Korruption in der Ukraine: Knietief im Korruptionssumpf
Wegen einer Schmiergeldaffäre gerät die Regierung massiv unter Druck. Im Zentrum soll ein enger Vertrauter von Präsident Wolodymyr Selenskyj stehen.
Die Ukraine wird von einem neuen Korruptionsskandal erschüttert. Nachdem die ukrainischen Antikorruptionsbehörden 15 Monate lang minutiös Beweise und Unterlagen gesammelt hatten, schlugen sie am Montag zu. Das Nationale Antikorruptionsbüro der Ukraine (NABU) und die Spezialisierte Antikorruptionsstaatsanwaltschaft (SAP) deckten ein weitverzweigtes Netz mutmaßlicher Korruption auf, in dessen Mittelpunkt das staatliche Energieunternehmen Energoatom steht.
Laut den Ermittlern existieren über 1.000 Stunden abgehörter Gespräche, die ein komplexes Korruptionsnetz dokumentieren. Bei den in russischer Sprache geführten Gespräche sprechen sich die verdächtigen Personen ab, wie sie „Provisionen“ in Höhe von 10 bis 15 Prozent in die eigene Tasche wirtschaften können. Dabei handelte es sich um Gelder, die in erster Linie für den Bau von Anlagen zum Schutz vor Luftangriffen eingesetzt werden sollten.

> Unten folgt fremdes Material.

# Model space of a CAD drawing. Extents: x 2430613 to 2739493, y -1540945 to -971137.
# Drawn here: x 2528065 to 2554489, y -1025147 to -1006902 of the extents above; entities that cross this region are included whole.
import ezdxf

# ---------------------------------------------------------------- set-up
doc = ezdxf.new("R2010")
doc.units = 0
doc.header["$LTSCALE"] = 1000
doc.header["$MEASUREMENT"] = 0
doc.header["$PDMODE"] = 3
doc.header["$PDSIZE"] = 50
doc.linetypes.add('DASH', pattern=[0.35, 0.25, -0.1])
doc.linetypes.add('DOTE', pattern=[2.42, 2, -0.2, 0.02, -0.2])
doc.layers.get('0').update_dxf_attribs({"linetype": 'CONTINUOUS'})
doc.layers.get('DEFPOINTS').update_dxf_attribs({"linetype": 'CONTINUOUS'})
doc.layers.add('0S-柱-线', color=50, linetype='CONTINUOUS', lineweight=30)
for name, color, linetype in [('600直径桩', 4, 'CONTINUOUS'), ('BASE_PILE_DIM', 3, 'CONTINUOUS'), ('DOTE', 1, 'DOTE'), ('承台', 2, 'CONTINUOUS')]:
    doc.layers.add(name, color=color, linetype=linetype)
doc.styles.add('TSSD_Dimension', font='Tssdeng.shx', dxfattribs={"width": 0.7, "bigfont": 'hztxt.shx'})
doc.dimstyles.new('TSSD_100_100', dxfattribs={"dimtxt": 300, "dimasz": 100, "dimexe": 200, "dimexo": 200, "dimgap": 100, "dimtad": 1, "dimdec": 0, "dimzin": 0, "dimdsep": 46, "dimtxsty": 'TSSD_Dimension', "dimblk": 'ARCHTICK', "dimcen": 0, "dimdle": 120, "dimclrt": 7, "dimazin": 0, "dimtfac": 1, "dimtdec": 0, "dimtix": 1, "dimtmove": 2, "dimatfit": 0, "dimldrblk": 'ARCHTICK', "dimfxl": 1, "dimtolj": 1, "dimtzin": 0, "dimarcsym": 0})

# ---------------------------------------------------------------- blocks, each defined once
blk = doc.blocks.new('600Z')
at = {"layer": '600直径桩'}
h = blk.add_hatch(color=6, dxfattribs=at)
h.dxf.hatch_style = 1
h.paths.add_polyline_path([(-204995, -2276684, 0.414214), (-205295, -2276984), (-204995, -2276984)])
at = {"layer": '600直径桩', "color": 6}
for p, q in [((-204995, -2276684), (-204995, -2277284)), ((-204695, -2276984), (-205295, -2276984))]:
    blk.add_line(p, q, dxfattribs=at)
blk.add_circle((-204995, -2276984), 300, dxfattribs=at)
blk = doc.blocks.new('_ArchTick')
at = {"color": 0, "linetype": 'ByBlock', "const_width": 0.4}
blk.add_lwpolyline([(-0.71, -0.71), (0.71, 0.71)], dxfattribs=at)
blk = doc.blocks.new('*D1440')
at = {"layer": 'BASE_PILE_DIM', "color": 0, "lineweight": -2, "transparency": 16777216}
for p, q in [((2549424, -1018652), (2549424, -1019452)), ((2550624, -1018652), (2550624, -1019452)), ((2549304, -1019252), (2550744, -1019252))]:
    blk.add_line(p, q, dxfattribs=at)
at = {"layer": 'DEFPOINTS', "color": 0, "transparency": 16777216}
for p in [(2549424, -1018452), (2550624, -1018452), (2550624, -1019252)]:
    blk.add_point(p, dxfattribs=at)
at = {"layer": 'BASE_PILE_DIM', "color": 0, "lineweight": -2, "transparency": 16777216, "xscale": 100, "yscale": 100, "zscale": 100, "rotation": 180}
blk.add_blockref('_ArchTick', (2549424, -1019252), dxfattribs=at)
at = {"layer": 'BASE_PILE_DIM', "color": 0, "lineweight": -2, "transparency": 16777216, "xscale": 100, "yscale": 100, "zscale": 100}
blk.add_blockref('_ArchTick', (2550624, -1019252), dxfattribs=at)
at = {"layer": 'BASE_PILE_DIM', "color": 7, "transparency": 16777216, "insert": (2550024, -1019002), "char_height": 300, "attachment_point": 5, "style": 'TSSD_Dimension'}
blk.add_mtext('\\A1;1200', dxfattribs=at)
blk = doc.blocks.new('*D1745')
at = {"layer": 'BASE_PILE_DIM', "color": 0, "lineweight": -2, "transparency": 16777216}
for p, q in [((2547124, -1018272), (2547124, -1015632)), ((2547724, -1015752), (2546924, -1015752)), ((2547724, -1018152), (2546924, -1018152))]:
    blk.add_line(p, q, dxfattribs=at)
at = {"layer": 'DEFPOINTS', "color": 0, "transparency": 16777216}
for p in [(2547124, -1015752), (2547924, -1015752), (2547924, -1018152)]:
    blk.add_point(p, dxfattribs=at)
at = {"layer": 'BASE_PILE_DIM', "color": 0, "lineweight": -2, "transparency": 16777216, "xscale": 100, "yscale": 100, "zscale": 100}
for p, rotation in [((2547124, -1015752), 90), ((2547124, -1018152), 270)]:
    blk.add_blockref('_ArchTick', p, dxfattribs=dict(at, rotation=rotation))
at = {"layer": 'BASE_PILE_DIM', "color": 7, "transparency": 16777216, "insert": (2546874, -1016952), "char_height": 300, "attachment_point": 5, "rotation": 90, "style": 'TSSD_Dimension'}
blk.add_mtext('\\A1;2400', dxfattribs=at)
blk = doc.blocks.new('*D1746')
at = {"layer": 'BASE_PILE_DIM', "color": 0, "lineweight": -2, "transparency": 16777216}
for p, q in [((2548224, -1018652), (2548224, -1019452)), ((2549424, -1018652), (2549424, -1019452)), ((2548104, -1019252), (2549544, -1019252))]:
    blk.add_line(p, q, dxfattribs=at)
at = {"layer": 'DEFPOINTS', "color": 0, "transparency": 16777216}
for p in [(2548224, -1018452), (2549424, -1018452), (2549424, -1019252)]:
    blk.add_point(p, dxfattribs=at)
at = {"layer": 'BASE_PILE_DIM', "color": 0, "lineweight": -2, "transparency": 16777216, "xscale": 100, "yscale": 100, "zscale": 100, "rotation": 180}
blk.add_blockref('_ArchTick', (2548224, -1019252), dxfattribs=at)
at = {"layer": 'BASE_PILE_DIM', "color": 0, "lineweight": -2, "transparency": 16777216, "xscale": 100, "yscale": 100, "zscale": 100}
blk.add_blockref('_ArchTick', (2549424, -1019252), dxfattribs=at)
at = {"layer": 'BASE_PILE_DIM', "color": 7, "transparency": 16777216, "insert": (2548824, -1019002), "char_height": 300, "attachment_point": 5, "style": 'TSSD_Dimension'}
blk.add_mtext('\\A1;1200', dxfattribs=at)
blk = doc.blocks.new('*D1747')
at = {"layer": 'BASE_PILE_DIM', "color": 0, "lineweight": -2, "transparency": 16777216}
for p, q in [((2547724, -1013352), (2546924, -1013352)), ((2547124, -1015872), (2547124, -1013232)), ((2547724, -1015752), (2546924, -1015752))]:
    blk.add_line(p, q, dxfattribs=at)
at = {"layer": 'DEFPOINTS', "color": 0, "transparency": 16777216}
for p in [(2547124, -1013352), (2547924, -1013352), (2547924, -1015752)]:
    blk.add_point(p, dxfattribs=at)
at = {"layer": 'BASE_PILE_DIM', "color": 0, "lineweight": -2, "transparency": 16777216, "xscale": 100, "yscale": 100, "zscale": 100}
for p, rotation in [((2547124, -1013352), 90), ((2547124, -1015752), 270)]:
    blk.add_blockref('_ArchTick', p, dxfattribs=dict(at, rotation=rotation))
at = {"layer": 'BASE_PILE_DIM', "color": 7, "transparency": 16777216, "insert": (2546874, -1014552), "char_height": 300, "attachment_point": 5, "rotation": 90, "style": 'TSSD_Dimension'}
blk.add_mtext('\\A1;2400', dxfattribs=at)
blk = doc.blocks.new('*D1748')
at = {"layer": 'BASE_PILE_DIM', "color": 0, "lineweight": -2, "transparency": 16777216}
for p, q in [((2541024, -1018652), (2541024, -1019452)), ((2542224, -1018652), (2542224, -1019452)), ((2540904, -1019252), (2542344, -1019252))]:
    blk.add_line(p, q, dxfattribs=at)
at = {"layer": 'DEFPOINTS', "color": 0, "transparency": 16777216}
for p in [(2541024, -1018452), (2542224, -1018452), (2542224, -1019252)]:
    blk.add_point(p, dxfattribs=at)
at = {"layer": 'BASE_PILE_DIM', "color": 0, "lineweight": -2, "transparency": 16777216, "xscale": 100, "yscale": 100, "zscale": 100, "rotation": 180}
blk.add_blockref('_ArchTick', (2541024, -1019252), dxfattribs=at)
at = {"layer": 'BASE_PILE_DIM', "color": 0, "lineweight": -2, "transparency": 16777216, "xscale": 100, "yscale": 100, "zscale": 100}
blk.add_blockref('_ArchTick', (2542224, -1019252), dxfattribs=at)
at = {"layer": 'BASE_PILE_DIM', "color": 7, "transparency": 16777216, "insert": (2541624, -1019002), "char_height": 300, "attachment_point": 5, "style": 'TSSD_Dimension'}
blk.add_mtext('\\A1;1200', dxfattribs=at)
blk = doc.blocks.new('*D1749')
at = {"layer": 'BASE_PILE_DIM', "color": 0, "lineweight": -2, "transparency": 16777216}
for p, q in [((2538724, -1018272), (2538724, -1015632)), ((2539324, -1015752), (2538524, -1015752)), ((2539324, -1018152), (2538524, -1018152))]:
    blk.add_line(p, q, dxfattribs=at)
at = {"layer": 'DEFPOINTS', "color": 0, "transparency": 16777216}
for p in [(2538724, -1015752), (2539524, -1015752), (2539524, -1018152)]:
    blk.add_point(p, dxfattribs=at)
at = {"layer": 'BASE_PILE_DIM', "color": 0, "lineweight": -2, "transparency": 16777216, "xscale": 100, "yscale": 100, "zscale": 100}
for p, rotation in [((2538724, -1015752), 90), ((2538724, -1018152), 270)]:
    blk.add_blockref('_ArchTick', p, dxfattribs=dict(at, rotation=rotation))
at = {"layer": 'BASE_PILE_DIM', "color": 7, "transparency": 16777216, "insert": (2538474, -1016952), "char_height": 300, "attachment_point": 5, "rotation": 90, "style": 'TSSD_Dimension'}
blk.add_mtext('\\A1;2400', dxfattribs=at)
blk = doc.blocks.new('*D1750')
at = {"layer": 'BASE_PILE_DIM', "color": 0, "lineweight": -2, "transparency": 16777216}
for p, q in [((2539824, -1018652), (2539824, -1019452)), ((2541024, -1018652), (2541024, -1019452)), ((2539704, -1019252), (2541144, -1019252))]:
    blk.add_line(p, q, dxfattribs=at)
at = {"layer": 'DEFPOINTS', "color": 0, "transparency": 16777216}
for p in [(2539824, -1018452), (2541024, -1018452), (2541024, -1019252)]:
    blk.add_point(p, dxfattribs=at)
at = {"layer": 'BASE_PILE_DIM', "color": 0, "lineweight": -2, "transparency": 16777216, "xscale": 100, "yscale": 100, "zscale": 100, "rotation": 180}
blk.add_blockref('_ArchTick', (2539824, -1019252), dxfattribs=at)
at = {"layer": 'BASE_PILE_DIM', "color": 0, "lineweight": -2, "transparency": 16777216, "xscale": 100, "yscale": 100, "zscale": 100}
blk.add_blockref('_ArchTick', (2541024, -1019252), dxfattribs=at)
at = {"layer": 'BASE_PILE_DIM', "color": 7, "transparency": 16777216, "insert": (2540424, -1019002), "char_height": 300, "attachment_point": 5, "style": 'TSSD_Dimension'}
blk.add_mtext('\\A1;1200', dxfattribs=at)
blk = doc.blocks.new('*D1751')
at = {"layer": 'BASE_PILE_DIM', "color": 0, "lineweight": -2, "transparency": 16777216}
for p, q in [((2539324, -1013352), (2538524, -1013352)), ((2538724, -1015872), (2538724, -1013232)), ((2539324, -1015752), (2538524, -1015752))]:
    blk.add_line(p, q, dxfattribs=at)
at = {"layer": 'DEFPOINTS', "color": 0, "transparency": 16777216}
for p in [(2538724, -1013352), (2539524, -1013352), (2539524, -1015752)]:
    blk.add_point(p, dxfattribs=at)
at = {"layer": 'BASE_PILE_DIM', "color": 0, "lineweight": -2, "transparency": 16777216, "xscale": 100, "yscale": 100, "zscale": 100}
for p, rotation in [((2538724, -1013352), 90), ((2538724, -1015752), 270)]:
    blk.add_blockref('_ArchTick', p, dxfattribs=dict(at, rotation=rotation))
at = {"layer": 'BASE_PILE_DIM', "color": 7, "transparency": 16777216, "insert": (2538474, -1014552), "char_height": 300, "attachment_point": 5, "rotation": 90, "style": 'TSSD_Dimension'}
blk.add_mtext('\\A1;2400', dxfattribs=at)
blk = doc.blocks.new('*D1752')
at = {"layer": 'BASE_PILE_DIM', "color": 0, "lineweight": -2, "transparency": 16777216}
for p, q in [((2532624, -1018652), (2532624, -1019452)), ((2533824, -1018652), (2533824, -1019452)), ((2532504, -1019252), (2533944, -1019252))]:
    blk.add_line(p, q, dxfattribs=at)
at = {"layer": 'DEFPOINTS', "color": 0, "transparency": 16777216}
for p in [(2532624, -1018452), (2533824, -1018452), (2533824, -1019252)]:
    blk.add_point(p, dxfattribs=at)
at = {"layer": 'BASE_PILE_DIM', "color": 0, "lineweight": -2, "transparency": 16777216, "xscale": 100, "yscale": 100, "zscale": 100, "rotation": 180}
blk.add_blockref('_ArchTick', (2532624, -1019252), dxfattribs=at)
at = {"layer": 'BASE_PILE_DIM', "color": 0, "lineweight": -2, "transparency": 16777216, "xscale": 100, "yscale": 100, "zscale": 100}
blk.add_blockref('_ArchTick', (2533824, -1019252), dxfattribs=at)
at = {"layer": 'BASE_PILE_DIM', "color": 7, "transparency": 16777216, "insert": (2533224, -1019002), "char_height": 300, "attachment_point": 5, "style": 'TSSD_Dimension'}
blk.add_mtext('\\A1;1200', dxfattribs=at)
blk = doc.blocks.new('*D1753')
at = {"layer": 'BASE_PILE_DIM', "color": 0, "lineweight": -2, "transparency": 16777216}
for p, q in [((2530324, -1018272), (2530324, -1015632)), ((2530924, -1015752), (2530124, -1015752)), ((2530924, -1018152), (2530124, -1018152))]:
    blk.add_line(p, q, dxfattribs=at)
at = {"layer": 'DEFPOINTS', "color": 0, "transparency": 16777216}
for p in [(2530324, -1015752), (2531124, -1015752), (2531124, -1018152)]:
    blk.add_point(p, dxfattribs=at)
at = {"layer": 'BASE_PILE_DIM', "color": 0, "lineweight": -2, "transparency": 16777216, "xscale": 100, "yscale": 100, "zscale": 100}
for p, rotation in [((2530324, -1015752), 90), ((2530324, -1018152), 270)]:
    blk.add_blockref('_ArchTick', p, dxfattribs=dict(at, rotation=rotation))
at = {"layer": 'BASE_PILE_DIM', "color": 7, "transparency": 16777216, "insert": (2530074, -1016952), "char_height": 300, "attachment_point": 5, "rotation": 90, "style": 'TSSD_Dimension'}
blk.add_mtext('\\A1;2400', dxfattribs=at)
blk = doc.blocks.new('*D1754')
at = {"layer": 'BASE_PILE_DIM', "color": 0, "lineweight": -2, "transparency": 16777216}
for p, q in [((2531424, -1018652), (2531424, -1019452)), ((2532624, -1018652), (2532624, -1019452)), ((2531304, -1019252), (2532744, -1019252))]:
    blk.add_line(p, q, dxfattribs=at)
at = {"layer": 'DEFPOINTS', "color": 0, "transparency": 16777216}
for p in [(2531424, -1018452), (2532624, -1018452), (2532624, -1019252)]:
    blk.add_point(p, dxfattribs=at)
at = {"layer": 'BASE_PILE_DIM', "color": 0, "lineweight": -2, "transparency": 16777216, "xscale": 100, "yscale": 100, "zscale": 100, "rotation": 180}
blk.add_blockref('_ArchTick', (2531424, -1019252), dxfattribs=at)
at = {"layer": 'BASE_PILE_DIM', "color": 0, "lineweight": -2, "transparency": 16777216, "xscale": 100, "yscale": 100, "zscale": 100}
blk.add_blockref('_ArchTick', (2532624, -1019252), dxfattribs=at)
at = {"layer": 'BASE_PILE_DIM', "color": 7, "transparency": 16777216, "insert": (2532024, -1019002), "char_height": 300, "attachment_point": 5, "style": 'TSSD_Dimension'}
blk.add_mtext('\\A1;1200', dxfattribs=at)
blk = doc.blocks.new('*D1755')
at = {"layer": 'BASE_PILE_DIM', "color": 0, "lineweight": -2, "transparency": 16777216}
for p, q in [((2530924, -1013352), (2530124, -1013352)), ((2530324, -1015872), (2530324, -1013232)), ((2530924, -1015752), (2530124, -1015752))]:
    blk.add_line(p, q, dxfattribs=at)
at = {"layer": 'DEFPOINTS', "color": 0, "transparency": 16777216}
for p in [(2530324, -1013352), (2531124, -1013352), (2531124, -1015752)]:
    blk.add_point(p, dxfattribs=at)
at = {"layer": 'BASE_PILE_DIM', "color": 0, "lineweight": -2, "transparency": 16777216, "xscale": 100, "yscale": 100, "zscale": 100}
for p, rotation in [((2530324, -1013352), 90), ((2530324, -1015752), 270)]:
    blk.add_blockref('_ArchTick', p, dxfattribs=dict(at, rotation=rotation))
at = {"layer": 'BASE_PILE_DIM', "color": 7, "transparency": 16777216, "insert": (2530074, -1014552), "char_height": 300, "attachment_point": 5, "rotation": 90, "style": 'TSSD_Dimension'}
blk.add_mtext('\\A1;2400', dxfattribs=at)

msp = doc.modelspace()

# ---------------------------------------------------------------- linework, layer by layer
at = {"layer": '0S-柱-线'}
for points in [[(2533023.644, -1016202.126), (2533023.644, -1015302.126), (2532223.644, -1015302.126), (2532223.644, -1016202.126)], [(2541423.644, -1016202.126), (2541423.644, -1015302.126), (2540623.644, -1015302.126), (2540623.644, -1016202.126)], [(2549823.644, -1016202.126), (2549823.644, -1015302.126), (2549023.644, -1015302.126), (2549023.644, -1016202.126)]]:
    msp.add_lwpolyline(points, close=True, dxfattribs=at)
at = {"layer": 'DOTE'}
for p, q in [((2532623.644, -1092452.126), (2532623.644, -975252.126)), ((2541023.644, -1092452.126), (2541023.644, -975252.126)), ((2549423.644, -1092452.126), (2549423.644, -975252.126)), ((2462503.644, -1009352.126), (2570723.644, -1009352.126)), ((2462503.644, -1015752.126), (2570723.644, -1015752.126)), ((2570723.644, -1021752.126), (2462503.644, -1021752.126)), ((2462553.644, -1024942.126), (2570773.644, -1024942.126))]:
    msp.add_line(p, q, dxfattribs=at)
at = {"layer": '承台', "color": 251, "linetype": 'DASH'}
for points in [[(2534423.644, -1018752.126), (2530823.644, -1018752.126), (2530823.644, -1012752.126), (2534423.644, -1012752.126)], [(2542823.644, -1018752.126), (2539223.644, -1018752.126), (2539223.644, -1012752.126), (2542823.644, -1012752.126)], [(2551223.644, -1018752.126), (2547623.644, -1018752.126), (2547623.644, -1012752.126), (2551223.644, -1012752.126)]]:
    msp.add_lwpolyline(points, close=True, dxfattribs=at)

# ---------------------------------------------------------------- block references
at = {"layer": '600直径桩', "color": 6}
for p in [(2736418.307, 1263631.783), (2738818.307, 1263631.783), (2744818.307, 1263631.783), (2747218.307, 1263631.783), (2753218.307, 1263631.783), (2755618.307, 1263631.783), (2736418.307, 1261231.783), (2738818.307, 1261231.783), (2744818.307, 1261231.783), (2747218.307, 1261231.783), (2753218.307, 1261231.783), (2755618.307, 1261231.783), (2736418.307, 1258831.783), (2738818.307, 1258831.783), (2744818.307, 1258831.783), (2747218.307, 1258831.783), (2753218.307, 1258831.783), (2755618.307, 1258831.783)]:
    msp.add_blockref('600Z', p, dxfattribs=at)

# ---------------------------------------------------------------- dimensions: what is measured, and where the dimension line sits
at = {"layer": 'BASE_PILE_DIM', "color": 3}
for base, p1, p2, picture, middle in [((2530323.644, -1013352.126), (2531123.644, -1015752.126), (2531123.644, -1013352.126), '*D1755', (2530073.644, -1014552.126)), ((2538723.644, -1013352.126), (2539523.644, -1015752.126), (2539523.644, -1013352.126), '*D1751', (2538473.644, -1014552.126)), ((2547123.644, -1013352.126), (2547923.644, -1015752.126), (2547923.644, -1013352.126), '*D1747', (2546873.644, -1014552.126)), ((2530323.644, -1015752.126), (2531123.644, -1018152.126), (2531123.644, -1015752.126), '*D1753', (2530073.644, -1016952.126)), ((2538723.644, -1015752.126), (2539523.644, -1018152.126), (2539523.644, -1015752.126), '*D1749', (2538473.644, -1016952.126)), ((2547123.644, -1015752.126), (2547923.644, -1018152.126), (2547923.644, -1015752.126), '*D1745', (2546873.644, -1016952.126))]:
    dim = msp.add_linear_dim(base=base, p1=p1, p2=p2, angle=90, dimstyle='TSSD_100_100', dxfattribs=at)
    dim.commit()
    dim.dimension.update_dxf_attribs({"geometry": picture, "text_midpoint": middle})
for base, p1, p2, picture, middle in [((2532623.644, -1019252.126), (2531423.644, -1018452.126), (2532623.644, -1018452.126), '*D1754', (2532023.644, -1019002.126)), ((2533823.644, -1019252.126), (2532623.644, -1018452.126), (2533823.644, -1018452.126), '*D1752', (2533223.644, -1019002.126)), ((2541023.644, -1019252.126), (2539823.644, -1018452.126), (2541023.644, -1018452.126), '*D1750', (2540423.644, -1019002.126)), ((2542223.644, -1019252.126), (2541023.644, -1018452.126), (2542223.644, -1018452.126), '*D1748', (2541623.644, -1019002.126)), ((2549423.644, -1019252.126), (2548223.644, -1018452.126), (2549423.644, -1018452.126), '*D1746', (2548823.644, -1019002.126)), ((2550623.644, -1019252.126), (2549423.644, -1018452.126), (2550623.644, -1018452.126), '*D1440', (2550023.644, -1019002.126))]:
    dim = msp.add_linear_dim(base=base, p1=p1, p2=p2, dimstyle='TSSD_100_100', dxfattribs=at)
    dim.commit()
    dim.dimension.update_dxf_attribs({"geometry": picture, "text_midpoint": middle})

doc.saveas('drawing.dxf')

Unter anderem ist auch die Aussage eines Mannes zu hören, der darüber klagt, dass es gar nicht so einfach sei, einen Koffer mit anderthalb Millionen Dollar schleppen zu müssen. Besprochen wurde in diesen Sitzungen auch, mit welchen Druckmitteln man sicherstellen könne, dass diese Provisionen auch wirklich gezahlt würden.
Gegenüber dem Portal New Voice spricht der Direktor des Zentrums für Energieforschung, Oleksandr Chartschenko, gar von Bestechungsgeldern in Höhe von 15 bis 30 Prozent der Vertragssumme. Ihm hätten Unternehmer offen erklärt, dass sie keine Anzeige wegen Bestechung stellen wollten, weil sie von dem Auftraggeber, dem staatlichen Konzern Energoatom, finanziell abhängig gewesen seien.
Offene Drohungen
Aus den vom NABU aufgenommenen Telefonmitschnitten geht auch hervor, dass sich die Beschuldigten zudem überlegt hatten, Unternehmer mit der Drohung, man würde alle Mitarbeiter für den Krieg mobilisieren, gefügig zu machen.
Chartschenko betonte weiter, dass die jüngsten Enthüllungen der Nationalen Antikorruptionsbehörde (NABU) für Fachleute keine Überraschung seien. „Die Zahlen, die NABU jetzt nennt, zeigen nur einen Bruchteil der Realität“, erklärte der Experte. „Ich bin überzeugt, dass die tatsächlichen Summen deutlich höher sind.“ Derzeit geht das NABU von Bestechungssummen im dreistelligen Millionenbereich (Euro) aus.
Im Mittelpunkt der Ermittlungen steht Timur Minditsch, ein Geschäftsmann und langjähriger Partner von Präsident Wolodymyr Selenskyj. Minditsch ist Mitinhaber der Produktionsfirma Studio Kwartal 95, aus der Selenskyj einst selbst hervorging. Nun steht Minditsch im Verdacht, Kopf einer „hochrangigen kriminellen Organisation“ gewesen zu sein, die über Jahre hinweg Schmiergeldsysteme in der Energiewirtschaft betrieb.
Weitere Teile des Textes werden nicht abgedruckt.